### WHAT NEEDS TO BE DONE:
What needs reproducing is the run of lines in the data below starting at the line with "Line((61.678372413, 40.779236252), (90.178372413, 40.779236252))" and ending at the line with "0, 0)), mode=Mode.PRIVATE)", both ends included. Copy it exactly, without pictures, and add nothing.

### DATA FOR THE TASK:
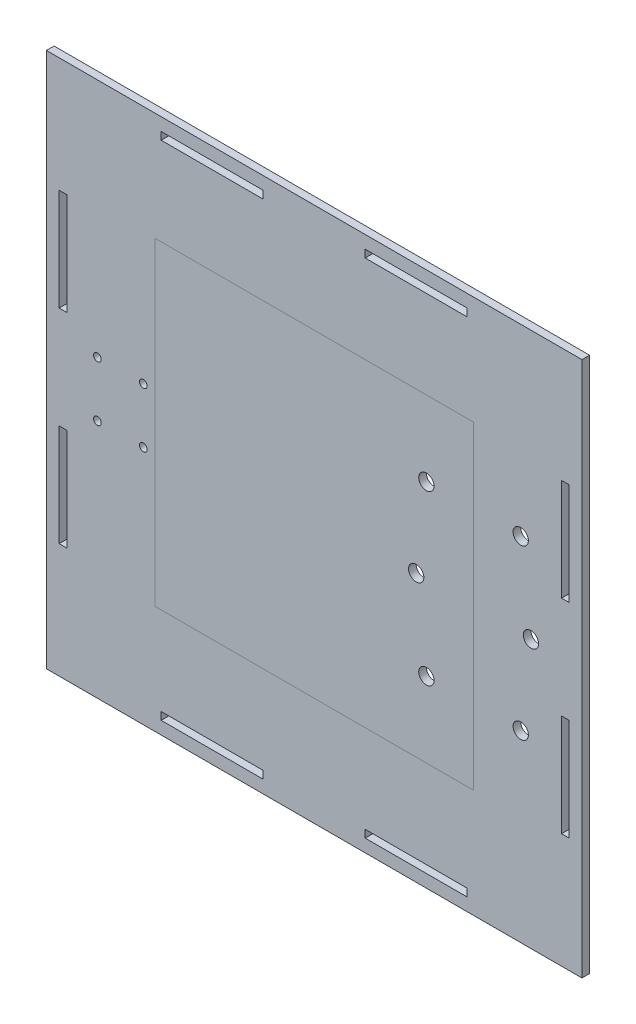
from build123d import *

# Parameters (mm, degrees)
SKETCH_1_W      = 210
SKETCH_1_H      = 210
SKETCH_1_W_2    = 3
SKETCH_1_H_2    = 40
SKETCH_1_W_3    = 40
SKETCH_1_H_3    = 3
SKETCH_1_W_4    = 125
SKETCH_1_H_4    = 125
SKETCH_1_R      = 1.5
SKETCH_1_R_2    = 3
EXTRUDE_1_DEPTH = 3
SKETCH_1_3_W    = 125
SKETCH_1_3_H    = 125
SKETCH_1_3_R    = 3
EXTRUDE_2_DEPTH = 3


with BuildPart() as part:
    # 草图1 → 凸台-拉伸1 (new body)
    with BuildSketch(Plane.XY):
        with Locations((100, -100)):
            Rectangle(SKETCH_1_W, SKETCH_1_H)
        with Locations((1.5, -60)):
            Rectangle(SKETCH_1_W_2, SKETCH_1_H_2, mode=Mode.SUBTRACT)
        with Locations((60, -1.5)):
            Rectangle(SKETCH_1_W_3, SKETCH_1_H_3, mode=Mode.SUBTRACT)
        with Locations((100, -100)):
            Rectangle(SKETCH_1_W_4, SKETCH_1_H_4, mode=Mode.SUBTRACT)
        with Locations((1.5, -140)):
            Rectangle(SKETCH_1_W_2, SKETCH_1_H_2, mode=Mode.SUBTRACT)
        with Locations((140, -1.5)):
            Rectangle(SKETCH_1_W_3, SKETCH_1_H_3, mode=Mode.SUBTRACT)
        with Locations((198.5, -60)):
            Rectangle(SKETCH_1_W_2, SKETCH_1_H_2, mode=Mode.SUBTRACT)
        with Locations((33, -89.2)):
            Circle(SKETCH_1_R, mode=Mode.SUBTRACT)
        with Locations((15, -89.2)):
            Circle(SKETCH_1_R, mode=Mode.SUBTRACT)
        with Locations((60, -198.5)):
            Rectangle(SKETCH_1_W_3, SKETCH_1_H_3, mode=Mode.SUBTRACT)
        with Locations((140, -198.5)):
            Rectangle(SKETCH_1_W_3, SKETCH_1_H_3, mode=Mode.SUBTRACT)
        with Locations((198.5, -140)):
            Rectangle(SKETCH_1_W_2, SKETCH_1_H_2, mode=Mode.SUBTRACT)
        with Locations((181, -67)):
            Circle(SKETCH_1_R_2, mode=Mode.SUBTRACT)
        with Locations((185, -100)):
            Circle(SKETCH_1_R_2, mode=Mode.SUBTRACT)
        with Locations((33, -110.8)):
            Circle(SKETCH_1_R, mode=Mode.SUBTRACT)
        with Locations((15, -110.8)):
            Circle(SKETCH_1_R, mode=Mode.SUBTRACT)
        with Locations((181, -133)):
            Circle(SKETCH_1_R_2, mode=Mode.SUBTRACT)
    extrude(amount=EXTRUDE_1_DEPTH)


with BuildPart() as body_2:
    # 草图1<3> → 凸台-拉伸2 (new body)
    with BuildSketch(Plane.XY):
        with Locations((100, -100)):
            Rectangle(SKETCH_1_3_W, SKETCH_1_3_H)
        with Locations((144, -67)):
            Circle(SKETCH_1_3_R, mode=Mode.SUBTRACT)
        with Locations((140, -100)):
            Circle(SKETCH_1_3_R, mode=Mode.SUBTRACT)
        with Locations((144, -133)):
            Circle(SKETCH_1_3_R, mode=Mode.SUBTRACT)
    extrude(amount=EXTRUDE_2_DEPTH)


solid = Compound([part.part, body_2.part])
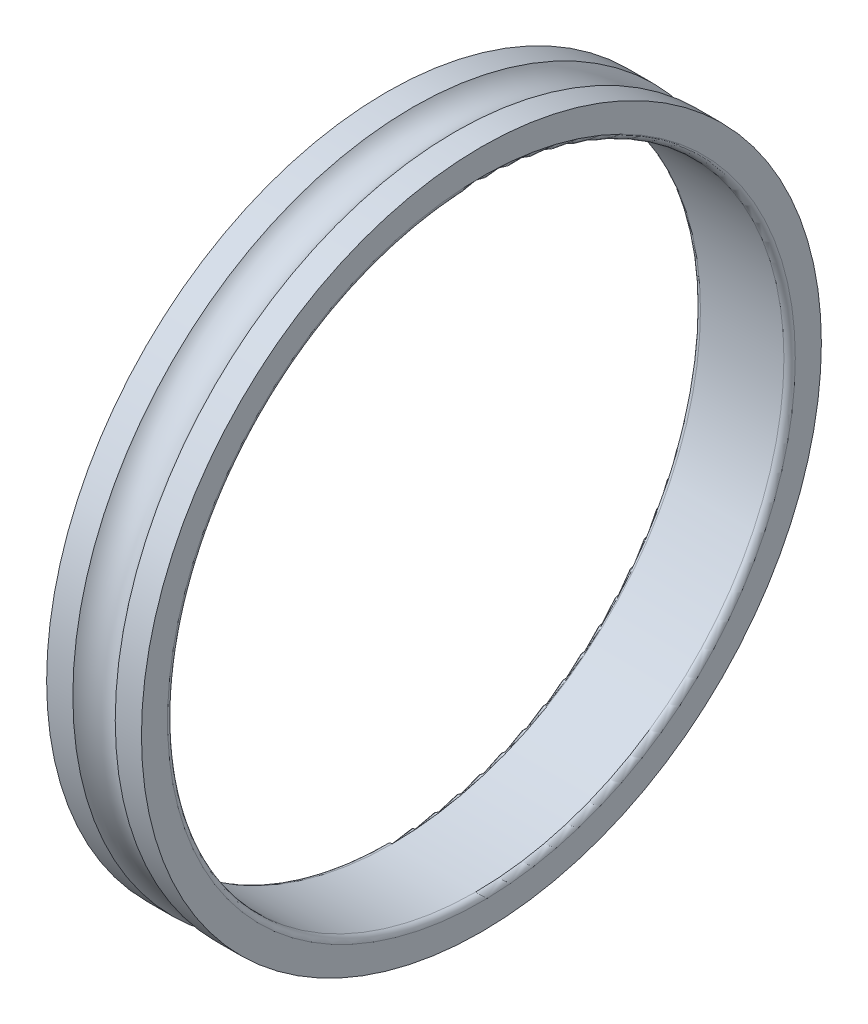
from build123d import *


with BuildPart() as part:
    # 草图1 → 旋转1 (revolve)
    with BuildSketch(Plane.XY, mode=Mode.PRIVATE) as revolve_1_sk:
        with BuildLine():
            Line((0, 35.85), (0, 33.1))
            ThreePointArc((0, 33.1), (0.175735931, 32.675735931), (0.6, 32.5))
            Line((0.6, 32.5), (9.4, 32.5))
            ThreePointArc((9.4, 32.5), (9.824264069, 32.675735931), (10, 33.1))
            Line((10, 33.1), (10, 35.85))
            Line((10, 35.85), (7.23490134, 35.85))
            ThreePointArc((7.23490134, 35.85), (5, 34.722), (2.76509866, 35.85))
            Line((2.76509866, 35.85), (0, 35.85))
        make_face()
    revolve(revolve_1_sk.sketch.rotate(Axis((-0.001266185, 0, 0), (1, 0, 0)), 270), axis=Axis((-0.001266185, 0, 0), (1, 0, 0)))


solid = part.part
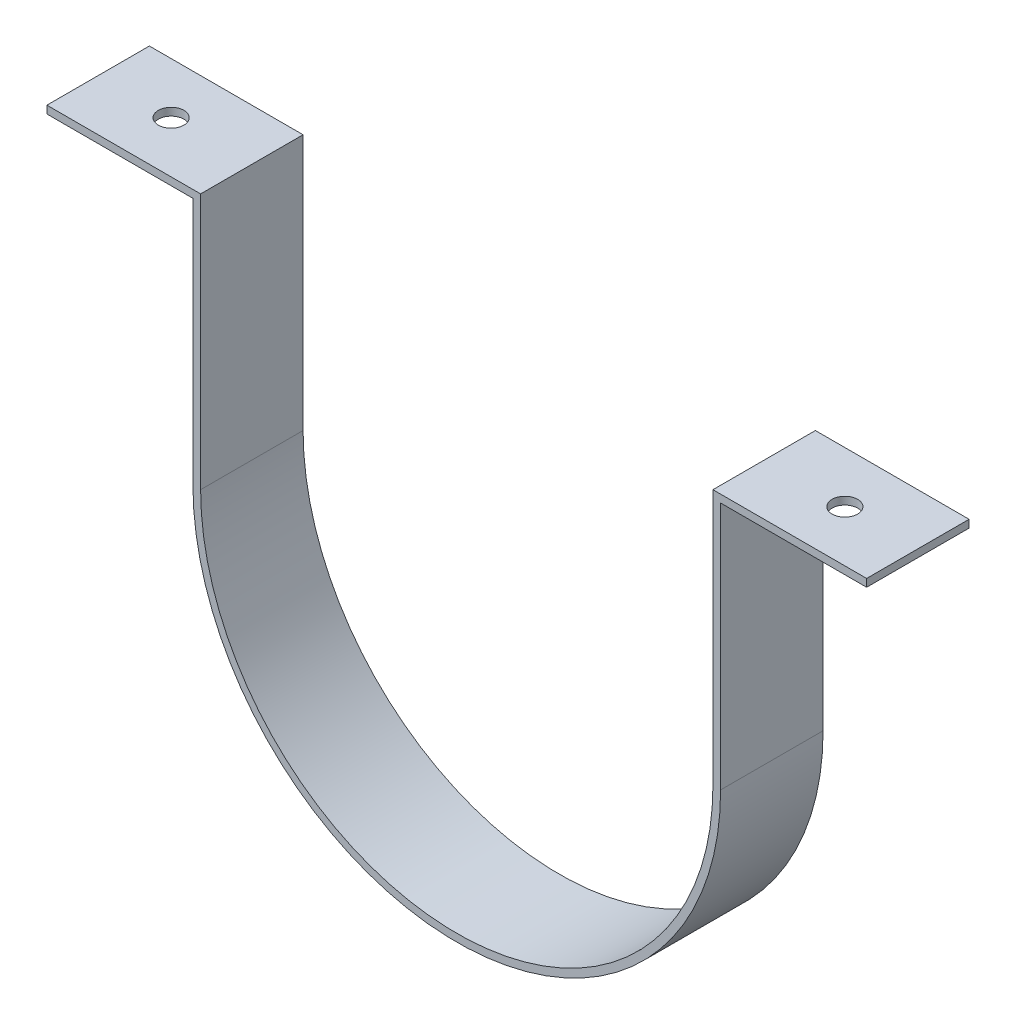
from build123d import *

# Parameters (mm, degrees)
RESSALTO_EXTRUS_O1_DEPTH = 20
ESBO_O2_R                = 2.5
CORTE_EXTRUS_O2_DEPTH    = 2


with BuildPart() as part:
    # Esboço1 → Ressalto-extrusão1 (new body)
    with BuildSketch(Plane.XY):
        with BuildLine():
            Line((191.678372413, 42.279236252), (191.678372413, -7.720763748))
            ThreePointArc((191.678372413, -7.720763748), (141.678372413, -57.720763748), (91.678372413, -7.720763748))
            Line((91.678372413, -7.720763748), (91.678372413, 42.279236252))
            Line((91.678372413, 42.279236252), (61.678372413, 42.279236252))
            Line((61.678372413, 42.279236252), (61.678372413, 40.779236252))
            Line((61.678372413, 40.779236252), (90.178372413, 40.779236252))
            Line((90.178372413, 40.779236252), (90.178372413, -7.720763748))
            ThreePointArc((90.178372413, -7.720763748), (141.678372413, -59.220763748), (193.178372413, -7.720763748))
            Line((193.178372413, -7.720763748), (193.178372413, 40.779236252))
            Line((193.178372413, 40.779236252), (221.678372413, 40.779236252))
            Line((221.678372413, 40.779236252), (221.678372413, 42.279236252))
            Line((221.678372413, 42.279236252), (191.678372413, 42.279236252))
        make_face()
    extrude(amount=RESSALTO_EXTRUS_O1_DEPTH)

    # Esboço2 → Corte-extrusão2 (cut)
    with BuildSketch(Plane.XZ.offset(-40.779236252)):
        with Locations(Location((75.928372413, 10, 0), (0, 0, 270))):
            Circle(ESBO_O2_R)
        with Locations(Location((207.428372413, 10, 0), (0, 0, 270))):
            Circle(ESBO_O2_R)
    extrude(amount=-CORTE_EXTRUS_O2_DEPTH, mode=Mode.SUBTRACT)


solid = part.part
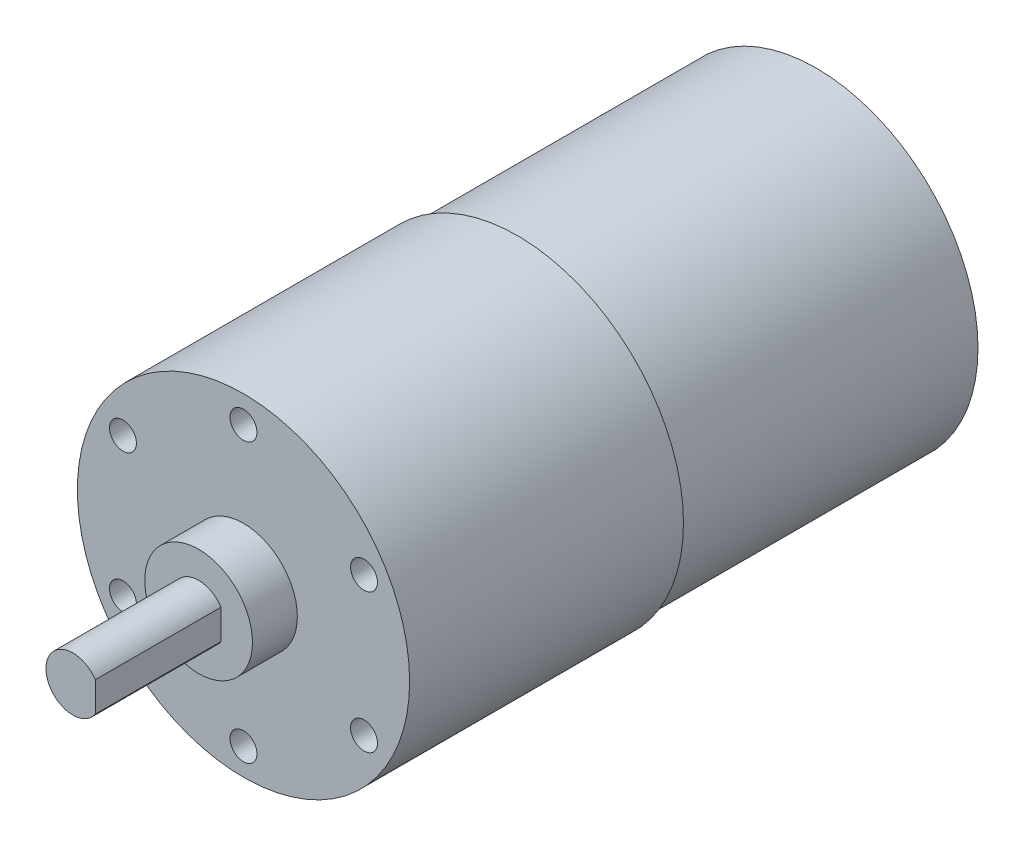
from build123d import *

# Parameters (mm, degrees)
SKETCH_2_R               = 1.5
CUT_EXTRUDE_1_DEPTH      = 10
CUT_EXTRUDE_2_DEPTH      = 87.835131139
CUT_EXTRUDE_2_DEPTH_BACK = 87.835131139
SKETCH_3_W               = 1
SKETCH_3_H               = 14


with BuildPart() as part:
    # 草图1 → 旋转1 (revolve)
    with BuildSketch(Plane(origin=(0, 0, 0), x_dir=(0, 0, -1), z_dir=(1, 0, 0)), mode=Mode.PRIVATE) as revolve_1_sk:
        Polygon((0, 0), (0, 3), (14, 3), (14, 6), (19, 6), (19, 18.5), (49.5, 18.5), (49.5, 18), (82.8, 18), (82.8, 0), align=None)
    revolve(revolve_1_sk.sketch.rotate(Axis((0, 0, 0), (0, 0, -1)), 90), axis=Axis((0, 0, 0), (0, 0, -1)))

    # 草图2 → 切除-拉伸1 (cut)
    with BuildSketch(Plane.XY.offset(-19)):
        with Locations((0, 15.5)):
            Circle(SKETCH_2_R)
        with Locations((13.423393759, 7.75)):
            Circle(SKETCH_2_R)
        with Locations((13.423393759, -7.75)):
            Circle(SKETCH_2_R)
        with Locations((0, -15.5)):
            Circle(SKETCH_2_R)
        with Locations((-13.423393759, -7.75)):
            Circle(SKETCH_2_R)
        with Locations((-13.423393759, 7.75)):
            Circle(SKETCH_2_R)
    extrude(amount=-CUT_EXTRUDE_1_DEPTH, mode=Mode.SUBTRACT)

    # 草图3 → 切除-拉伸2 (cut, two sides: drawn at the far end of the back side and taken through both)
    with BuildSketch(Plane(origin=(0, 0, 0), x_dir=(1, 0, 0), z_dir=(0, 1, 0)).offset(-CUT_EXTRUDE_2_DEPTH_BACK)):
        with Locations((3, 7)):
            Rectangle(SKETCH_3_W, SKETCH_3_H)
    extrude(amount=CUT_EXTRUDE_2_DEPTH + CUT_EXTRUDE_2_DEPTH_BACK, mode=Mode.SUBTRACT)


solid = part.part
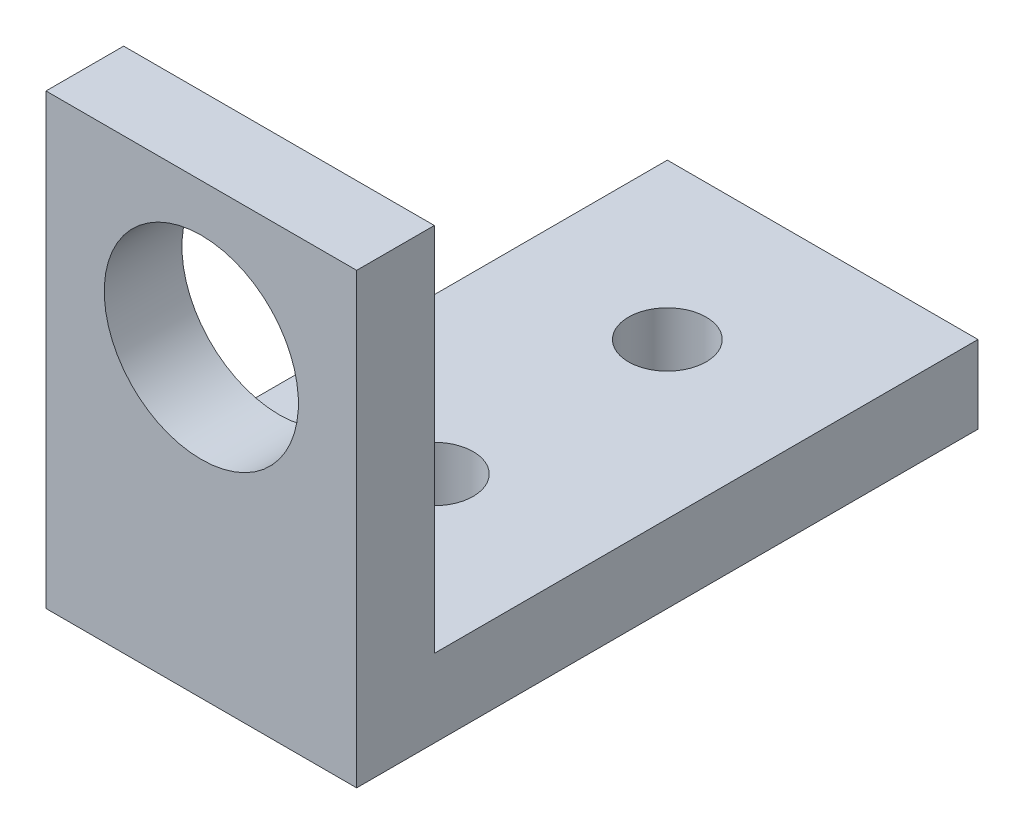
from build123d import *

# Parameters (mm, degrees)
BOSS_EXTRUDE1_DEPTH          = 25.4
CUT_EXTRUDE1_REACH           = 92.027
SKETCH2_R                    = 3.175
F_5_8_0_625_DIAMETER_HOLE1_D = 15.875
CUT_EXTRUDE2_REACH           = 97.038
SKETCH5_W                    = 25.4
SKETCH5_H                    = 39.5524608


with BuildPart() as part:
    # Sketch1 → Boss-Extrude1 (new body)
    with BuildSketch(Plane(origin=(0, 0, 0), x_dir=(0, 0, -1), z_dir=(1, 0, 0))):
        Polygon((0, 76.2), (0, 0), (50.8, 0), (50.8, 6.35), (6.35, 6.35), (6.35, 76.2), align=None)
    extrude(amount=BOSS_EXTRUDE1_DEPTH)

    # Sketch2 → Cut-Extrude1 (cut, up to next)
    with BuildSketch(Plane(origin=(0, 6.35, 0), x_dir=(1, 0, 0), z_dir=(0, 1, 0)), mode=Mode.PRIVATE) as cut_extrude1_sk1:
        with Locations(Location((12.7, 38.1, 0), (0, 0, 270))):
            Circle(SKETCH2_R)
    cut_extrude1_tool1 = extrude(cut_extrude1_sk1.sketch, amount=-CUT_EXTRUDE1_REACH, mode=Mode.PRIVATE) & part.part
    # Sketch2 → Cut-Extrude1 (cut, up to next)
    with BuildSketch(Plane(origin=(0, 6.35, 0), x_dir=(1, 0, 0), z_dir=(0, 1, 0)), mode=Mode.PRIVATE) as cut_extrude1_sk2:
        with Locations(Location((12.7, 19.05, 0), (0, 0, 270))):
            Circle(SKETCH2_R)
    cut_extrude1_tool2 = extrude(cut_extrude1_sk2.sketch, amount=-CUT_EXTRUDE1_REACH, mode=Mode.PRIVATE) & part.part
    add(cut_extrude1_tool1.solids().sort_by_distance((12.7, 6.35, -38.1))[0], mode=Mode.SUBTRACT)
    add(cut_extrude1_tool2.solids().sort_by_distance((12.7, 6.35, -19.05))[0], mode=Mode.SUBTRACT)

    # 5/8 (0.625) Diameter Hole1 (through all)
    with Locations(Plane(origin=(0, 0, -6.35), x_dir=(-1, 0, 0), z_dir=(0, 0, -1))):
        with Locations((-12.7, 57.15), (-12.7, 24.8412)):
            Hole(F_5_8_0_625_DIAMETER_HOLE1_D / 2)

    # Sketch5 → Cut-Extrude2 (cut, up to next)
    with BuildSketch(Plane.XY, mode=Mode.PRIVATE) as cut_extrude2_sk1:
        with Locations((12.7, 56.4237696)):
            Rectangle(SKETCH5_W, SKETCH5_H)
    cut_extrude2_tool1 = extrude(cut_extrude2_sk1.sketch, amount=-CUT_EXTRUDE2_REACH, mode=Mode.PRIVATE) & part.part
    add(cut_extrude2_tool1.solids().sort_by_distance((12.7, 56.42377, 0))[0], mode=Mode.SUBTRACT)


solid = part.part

### SOLUTION FOR THIS PROBLEM:
            Line((61.678372413, 40.779236252), (90.178372413, 40.779236252))
            Line((90.178372413, 40.779236252), (90.178372413, -7.720763748))
            ThreePointArc((90.178372413, -7.720763748), (141.678372413, -59.220763748), (193.178372413, -7.720763748))
            Line((193.178372413, -7.720763748), (193.178372413, 40.779236252))
            Line((193.178372413, 40.779236252), (221.678372413, 40.779236252))
            Line((221.678372413, 40.779236252), (221.678372413, 42.279236252))
            Line((221.678372413, 42.279236252), (191.678372413, 42.279236252))
        make_face()
    extrude(amount=RESSALTO_EXTRUS_O1_DEPTH)

    # Esboço2 → Corte-extrusão2 (cut)
    with BuildSketch(Plane.XZ.offset(-40.779236252)):
        with Locations(Location((75.928372413, 10, 0), (0, 0, 270))):
            Circle(ESBO_O2_R)
        with Locations(Location((207.428372413, 10, 0), (0, 0, 270))):
            Circle(ESBO_O2_R)
    extrude(amount=-CORTE_EXTRUS_O2_DEPTH, mode=Mode.SUBTRACT)


solid = part.part
from build123d import *

# Parameters (mm, degrees)
SKETCH_2_R               = 1.5
CUT_EXTRUDE_1_DEPTH      = 10
CUT_EXTRUDE_2_DEPTH      = 87.835131139
CUT_EXTRUDE_2_DEPTH_BACK = 87.835131139
SKETCH_3_W               = 1
SKETCH_3_H               = 14


with BuildPart() as part:
    # 草图1 → 旋转1 (revolve)
    with BuildSketch(Plane(origin=(0, 0, 0), x_dir=(0, 0, -1), z_dir=(1, 0, 0)), mode=Mode.PRIVATE) as revolve_1_sk:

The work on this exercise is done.